Mientras los de su equipo avanzaban a cubrir sus posiciones, el Conde recogió su camisa y se acercó a Rubén. Quiso pasarle el brazo por los hombros, pero se contuvo al presentir el contacto de su piel con la capa de sudor que cubría al muchacho.
– Discúlpame, Rubén, pero me acordé de que me van a llamar por teléfono. Otro día jugamos -le dijo.
Y se alejó hacia la Calzada, sintiendo que el sol, rojo, impío, ubicado ya a la altura de sus ojos, le quemaba el cuerpo y el alma. Sobre su cabeza pudo ver la espada en llamas que le indicaba la salida irreversible de aquel paraíso irremisiblemente perdido que había sido suyo, y ya no era ni volvería a ser. Si aquella esquina no le pertenecía, ¿quedaba algo bajo su título de propiedad? La lacerante sensación de ser ajeno, forastero, distinto, lo envolvió con tanta fuerza que el Conde tuvo que contenerse y aferrarse a las últimas virutas de su orgullo para no echarse a correr. Y sólo entonces, al recuperar plenamente la conciencia del calor impropio para estar corriendo en la esquina, comprendió la razón pura por la que no habían querido aceptarlo: Cómo no me di cuenta, estos cabrones están jugando dinero…
– ¿Qué te pasa, salvaje?
– No sé. Creo que estoy cansado.
– Qué calor, ¿verdad?
– Del carajo.
– Tienes cara de mierda, tú.
– Me lo imagino -admitió el Conde, tosió y escupió por la ventana hacia el patio de la casa.

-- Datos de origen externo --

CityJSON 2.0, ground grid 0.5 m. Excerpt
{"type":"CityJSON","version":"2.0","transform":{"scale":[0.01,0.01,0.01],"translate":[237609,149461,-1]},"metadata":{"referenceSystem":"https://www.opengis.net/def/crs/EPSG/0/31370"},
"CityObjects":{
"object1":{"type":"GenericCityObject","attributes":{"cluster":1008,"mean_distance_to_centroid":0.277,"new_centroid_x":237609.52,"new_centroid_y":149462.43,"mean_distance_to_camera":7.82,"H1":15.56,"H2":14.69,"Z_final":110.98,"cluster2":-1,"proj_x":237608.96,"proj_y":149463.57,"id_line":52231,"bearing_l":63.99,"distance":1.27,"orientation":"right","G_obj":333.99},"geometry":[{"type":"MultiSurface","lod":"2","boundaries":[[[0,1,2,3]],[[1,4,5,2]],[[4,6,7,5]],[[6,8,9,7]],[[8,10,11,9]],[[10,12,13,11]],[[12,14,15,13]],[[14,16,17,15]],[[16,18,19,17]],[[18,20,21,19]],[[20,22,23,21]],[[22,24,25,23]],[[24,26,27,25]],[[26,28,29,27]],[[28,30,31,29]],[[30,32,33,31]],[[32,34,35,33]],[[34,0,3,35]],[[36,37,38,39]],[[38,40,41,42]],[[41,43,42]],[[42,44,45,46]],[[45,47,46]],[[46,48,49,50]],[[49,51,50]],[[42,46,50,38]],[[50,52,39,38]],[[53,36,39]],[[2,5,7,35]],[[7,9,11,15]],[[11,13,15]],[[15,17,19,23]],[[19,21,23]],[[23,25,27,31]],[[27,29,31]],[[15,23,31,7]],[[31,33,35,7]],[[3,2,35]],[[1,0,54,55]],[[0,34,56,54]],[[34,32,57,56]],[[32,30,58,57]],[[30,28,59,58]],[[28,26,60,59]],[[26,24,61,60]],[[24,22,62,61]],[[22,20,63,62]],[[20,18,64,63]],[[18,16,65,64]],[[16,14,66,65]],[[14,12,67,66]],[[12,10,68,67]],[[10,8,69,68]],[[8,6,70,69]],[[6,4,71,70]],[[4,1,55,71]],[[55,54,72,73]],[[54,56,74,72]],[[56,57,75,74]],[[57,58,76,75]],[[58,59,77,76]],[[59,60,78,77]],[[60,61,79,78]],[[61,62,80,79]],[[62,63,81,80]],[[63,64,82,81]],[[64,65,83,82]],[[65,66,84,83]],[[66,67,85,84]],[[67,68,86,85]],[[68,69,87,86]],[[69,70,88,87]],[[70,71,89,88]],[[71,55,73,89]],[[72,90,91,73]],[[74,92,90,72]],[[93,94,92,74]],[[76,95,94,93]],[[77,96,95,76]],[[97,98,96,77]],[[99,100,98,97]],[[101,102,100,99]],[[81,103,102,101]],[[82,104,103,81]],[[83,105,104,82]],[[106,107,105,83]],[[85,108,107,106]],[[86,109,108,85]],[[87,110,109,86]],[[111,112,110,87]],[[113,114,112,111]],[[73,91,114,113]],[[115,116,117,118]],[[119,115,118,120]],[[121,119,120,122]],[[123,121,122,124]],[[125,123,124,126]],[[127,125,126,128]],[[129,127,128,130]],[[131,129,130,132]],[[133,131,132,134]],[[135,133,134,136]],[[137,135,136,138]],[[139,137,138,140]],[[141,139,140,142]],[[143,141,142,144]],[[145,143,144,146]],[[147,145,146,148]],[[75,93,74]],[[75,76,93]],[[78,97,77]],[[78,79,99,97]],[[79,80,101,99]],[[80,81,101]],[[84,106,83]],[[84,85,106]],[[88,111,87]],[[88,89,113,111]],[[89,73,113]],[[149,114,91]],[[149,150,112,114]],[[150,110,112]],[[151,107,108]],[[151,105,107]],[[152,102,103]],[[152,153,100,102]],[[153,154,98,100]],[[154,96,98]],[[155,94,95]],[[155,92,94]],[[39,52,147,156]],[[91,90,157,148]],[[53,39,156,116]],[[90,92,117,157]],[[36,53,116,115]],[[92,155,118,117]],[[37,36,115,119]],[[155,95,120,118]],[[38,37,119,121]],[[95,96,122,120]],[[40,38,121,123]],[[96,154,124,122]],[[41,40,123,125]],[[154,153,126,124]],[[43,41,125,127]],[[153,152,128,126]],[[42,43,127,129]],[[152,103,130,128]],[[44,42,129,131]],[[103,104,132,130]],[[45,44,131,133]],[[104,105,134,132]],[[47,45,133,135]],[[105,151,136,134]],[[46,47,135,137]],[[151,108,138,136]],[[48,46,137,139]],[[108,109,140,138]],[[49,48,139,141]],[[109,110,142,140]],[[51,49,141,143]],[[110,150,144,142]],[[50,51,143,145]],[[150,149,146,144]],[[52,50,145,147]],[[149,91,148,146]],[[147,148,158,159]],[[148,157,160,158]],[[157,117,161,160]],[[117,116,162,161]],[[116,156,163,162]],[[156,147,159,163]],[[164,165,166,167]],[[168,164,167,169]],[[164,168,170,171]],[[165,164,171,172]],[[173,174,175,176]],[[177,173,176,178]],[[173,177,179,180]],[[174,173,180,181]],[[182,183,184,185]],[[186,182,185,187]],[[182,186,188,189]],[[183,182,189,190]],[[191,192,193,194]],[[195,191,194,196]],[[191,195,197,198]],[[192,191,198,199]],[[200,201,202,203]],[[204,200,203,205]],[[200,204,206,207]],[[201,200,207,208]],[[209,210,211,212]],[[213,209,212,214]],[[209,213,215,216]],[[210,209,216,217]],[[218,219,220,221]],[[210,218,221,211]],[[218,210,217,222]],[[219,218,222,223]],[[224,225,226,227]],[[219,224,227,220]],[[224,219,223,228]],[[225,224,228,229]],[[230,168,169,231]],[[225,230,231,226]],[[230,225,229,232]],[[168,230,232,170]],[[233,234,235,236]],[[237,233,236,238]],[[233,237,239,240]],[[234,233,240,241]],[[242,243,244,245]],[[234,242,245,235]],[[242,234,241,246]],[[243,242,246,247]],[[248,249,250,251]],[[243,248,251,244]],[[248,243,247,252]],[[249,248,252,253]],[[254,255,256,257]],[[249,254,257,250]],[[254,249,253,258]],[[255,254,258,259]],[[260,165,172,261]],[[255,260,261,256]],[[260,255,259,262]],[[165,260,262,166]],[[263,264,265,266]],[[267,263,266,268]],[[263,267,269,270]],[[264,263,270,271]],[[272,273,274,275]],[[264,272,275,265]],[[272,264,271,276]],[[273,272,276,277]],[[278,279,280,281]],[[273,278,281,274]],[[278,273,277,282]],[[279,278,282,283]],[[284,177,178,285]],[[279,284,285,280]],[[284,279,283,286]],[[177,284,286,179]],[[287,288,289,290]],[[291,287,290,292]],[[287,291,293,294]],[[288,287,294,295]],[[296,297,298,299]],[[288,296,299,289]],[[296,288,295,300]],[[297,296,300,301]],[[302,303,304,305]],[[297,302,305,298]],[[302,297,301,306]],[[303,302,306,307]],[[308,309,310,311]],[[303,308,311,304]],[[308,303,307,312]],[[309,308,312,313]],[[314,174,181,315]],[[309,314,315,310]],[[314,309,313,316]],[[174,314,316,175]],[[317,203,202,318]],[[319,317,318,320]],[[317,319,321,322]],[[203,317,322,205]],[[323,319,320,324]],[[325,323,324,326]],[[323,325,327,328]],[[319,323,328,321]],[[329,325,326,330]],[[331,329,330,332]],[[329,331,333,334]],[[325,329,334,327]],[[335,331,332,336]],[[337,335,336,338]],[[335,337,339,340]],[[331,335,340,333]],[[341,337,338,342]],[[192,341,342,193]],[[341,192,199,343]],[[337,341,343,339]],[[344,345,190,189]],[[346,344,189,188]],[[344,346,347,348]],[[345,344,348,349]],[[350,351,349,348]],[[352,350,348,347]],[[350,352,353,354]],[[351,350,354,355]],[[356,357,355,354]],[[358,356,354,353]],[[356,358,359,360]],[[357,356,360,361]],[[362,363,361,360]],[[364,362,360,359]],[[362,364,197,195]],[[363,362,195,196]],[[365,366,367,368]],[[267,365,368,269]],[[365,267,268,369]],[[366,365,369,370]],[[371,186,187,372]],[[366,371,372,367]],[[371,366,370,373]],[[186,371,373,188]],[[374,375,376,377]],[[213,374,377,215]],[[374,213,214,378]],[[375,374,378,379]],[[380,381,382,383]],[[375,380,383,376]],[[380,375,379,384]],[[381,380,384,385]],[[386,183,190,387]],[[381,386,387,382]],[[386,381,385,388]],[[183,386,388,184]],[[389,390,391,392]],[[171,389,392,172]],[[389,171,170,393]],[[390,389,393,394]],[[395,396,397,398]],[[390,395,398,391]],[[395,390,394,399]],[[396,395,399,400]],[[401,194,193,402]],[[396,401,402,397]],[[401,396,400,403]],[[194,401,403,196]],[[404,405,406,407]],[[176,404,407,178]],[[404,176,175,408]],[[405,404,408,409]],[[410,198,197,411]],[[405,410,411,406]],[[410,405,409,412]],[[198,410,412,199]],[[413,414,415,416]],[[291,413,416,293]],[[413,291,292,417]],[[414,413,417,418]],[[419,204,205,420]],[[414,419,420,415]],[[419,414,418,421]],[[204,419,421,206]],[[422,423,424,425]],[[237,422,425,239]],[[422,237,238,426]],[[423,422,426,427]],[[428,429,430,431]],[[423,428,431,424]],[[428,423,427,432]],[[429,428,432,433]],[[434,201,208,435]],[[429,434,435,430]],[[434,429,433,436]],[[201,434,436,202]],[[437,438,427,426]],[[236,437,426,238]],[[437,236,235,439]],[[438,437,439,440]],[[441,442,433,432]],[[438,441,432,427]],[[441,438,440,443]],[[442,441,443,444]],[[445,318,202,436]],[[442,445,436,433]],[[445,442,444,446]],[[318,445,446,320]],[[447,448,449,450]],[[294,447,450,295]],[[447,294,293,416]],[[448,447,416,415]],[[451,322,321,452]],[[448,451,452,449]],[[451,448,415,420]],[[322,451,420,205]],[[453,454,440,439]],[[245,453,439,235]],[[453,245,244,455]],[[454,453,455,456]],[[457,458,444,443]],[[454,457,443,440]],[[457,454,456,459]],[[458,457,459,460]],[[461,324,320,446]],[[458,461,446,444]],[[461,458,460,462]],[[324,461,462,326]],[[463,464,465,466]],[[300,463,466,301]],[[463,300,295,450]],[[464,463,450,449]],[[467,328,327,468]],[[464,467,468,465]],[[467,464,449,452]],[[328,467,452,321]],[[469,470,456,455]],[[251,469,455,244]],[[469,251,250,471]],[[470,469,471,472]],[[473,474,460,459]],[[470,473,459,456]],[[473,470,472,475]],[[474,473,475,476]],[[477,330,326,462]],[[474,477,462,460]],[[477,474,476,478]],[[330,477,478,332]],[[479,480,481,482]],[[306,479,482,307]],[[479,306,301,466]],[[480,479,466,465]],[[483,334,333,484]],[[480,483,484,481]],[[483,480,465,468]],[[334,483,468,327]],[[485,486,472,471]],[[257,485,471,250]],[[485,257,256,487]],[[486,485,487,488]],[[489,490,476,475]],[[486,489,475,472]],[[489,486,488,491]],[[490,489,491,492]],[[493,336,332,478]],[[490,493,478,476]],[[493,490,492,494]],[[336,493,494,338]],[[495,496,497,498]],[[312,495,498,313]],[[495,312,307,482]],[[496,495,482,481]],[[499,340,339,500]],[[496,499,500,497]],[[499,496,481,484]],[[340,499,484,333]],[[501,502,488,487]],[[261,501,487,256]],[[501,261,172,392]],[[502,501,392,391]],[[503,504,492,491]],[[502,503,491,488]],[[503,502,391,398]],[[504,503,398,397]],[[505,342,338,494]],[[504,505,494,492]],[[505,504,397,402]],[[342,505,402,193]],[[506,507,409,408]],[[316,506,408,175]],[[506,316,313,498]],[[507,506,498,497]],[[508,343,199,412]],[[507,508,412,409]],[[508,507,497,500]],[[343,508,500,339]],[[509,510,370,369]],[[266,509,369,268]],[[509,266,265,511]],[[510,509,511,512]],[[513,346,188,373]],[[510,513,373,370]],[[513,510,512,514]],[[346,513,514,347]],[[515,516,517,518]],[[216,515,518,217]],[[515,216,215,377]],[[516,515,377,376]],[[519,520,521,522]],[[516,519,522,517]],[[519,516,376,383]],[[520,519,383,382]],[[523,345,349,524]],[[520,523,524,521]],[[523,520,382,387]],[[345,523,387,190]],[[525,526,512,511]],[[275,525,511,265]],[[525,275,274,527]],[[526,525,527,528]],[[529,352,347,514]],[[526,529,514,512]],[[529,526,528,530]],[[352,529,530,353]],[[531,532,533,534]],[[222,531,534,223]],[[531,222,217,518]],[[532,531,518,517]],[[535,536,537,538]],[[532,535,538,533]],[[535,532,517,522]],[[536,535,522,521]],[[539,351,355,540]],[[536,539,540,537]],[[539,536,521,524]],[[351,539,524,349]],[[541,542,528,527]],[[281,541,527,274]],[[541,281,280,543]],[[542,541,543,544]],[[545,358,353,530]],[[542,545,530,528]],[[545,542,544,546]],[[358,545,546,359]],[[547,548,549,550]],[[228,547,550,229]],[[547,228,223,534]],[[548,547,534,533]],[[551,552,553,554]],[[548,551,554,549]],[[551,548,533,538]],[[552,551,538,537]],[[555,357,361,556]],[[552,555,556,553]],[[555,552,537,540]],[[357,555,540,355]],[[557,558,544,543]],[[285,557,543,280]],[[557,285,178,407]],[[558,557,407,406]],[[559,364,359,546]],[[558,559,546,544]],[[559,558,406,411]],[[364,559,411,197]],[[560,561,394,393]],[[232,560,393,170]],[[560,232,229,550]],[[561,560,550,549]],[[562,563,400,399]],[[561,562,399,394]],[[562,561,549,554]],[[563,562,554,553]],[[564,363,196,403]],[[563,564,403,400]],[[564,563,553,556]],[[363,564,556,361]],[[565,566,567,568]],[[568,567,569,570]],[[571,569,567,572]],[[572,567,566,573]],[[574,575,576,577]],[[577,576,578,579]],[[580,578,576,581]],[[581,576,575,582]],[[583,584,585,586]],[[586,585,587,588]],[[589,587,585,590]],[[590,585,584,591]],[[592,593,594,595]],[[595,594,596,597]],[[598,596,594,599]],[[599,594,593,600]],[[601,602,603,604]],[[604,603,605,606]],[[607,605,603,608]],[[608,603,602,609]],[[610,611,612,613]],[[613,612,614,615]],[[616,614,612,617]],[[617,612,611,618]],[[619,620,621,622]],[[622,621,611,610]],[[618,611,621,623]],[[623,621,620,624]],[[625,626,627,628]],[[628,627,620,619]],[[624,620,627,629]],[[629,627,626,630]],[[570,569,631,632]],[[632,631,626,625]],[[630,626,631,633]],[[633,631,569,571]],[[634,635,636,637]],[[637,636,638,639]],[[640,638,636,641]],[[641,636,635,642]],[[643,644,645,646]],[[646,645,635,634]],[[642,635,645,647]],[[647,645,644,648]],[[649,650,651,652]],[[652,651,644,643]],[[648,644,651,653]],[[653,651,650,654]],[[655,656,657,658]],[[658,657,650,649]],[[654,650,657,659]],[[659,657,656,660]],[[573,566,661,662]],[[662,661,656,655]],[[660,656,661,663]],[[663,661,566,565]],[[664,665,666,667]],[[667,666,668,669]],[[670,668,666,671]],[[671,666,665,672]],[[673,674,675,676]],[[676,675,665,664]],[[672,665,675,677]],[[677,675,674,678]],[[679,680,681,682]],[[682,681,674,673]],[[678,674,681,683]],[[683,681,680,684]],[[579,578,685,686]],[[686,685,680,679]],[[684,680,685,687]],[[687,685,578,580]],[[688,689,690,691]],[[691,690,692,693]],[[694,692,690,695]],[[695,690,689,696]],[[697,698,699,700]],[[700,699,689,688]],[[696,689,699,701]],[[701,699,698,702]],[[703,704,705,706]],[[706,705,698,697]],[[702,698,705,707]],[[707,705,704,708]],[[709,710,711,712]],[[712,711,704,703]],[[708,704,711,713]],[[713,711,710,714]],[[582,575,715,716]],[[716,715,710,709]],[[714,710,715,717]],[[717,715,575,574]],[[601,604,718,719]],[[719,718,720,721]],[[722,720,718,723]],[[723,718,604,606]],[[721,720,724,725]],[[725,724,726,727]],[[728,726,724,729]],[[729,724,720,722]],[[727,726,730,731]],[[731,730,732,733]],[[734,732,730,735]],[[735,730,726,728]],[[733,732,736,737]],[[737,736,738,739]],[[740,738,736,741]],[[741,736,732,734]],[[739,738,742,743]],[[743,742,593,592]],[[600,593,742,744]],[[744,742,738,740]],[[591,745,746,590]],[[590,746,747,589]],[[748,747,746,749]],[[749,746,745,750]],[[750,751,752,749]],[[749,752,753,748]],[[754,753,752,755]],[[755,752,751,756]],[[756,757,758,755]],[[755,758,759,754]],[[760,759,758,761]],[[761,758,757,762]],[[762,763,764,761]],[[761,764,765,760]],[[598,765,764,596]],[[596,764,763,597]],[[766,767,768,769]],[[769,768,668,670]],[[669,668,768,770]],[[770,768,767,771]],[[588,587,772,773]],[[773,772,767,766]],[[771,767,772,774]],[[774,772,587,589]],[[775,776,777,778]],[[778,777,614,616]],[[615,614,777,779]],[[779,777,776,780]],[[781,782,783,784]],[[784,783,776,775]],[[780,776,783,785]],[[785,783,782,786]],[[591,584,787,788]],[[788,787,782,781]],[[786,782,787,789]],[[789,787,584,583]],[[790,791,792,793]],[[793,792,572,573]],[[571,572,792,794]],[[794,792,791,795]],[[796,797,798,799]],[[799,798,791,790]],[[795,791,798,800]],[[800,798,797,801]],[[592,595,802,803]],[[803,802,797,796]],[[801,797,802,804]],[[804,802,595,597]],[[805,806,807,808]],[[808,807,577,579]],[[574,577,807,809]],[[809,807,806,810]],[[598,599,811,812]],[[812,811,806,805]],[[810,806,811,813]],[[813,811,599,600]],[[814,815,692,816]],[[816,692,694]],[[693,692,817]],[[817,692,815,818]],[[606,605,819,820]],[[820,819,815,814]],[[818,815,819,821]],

Desde su silla de ruedas el Flaco Carlos lo observó y alzó los hombros. Sabía que cuando su amigo se comportaba así, lo mejor era ignorarlo. Siempre había dicho que el Conde era un cabrón sufridor, un incorregible recordador, un masoquista por cuenta propia, un hipocondriaco a prueba de golpes y el tipo más difícil de consolar de los que había en el mundo, y ese día no parecía tener deseos de invertir tiempo y neuronas en desentrañar el ataque de melancolía aguda que sufría su amigo.
– ¿Quieres poner música? -le preguntó entonces.
– ¿Tú quieres?
– Era un decir. Por hacer algo, ¿no?
El Conde se acercó a la larga hilera de casetes que ocupaban el paño superior de los estantes. Recorrió con la vista los títulos e intérpretes, y casi ni se asombró esta vez del ecléctico gusto musical del Flaco.
– ¿Qué te gustaría oír? ¿Los Beatles? ¿Chicago? ¿Fórmula V? ¿Los Pasos? ¿Credence?
– Anjá, Credence -fue otra vez el acuerdo: les gustaba oír la voz compacta de Tom Foggerty y las guitarras primitivas de Credence Clearwater Revival.
– Sigue siendo la mejor versión deProud Mary.
– Eso ni se discute.
– Canta como si fuera un negro, o no: canta como si fuera Dios, qué coño.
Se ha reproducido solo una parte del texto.